A 27-year-old African American woman died this morning at SF General after being shot by SFPD near Elmira Street and Shafter Avenue in the Bayview. At present, details are light but Officer Albie Esparza informed CBS 5 that the shooting occurred around 10 a.m.

According to statements at a press conference this morning, the woman reportedly died from a single gunshot wound, and police on scene say that she is accused of stealing a car — likely the one pictured below.

Mayor Ed Lee spoke this morning about the shooting, and the Chronicle reports he said the situation made him “very uneasy.”

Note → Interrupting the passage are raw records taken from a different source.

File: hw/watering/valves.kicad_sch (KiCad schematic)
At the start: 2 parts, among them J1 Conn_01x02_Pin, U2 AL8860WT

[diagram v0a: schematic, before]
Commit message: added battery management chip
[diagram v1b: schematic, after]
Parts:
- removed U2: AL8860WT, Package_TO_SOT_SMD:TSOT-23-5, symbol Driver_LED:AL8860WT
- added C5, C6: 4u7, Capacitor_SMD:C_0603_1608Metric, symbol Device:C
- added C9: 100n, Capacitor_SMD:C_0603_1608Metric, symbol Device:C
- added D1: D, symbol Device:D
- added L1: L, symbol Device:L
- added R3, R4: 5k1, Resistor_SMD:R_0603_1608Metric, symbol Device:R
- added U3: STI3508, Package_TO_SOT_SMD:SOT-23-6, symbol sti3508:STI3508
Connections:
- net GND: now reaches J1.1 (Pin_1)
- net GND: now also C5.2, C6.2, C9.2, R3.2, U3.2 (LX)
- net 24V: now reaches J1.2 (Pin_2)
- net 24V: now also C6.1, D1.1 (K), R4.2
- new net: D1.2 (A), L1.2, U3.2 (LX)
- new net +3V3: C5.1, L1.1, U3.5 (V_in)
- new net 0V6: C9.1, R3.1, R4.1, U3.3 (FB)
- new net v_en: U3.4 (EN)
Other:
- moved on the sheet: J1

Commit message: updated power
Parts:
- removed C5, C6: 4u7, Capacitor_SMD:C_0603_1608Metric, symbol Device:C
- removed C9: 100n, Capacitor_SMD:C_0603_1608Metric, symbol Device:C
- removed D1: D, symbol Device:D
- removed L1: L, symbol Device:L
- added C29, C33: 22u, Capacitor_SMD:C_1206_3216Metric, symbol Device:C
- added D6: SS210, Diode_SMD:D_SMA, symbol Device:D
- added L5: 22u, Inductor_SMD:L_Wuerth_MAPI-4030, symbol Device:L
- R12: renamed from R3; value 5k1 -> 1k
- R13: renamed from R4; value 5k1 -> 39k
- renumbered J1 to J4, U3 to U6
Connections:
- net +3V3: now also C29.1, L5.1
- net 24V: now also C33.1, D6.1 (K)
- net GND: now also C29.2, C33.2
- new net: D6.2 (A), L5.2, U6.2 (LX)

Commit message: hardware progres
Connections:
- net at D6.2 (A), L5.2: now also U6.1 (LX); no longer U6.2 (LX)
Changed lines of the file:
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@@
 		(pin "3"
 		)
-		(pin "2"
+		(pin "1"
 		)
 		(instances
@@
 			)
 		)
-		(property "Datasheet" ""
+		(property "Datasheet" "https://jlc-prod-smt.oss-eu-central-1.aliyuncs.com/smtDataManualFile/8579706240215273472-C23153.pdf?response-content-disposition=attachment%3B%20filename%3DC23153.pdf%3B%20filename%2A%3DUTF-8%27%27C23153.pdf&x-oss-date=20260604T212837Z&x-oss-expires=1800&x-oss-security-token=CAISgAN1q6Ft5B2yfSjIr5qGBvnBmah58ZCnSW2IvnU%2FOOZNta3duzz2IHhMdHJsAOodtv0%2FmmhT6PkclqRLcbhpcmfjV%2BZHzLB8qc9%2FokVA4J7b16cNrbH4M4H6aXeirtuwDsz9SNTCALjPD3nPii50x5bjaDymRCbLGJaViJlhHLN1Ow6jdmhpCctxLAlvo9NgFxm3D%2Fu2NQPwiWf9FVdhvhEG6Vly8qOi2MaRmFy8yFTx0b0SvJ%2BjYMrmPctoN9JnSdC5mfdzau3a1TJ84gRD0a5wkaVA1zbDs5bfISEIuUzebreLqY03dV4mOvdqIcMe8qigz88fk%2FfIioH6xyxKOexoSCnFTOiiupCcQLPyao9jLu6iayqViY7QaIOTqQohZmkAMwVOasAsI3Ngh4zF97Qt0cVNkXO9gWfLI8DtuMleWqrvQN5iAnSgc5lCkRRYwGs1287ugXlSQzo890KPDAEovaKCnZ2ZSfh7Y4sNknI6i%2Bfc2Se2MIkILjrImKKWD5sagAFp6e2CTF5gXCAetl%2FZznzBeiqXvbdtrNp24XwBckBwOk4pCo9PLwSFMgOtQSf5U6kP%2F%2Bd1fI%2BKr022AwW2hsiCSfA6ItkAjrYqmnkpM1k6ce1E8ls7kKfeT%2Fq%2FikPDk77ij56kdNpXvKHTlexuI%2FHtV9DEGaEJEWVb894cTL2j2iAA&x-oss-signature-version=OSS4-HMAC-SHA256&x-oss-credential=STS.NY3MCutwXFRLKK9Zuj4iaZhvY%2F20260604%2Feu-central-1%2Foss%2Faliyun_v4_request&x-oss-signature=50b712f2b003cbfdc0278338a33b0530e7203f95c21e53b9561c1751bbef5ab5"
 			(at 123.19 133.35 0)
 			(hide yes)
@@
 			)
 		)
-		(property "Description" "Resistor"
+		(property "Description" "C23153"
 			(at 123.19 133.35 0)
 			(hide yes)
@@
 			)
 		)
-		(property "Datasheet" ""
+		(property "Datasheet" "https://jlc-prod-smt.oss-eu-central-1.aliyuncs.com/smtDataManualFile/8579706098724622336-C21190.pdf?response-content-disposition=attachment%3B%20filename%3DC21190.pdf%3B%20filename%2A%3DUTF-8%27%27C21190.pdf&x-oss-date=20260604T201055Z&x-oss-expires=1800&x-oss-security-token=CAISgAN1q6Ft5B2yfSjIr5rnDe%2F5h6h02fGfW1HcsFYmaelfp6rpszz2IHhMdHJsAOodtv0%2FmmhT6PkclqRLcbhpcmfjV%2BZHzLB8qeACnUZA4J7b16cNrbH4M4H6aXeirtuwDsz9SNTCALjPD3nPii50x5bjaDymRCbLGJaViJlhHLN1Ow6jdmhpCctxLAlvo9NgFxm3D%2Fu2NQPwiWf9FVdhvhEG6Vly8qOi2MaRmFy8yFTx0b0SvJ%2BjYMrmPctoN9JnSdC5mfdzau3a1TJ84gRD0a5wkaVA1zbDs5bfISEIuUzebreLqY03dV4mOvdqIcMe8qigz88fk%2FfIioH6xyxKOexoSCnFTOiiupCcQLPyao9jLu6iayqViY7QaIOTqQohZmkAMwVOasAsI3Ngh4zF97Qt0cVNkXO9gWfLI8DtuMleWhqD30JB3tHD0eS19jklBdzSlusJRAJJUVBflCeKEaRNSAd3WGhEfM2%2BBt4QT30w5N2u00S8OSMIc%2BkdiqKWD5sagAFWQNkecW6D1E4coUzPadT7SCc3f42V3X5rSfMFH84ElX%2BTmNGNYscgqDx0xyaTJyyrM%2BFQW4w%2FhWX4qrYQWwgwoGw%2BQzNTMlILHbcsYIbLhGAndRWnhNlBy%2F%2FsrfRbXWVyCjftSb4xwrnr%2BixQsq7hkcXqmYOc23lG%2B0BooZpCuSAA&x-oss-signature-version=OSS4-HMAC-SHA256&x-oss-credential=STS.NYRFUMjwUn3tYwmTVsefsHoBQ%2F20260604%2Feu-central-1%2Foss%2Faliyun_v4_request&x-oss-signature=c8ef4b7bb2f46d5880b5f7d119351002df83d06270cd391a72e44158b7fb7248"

According to the paper, SFPD Chief Greg Suhr said the woman appeared to both be unarmed and attempting to drive away from, not toward, the officers at the time she was shot.

“Obviously, I have to hold the chief accountable for everything the officers do in every circumstance, especially when an officer-involved shooting is the circumstance,” Lee observed of Suhr. “It’s very tragic to have an individual die in an officer-involved shooting. We just need to make sure we’re doing all the right things to prevent that from happening.”

“This is exactly the kind of thing, with ongoing reforms, that we are trying to avoid,” Suhr told those gathered.

San Francisco Public Defender Jeff Adachi released a statement this afternoon critical of SFPD's handling of this morning's shooting. In it, he called for a civil rights investigation into the police force.

"It is unacceptable for police encounters with unarmed citizens to end in bullet wounds and body bags," Adachi wrote. "While details are still scarce, I am deeply disturbed by reports that the young woman gunned down today was driving away from officers. She was entitled to due process and, above all, she was entitled to her life."

The Public Defender continued that "[police] reforms and policy changes are meaningless if they aren’t accompanied by a major shift in police culture, away from shooting first and asking questions later. I am reiterating my request that the California Attorney General’s Office open its own civil rights investigation into the San Francisco Police Department.”

UPDATE: As of the end of the afternoon Thursday, Mayor Ed Lee has asked Chief Suhr to resign, and he has.

This post has been updated throughout.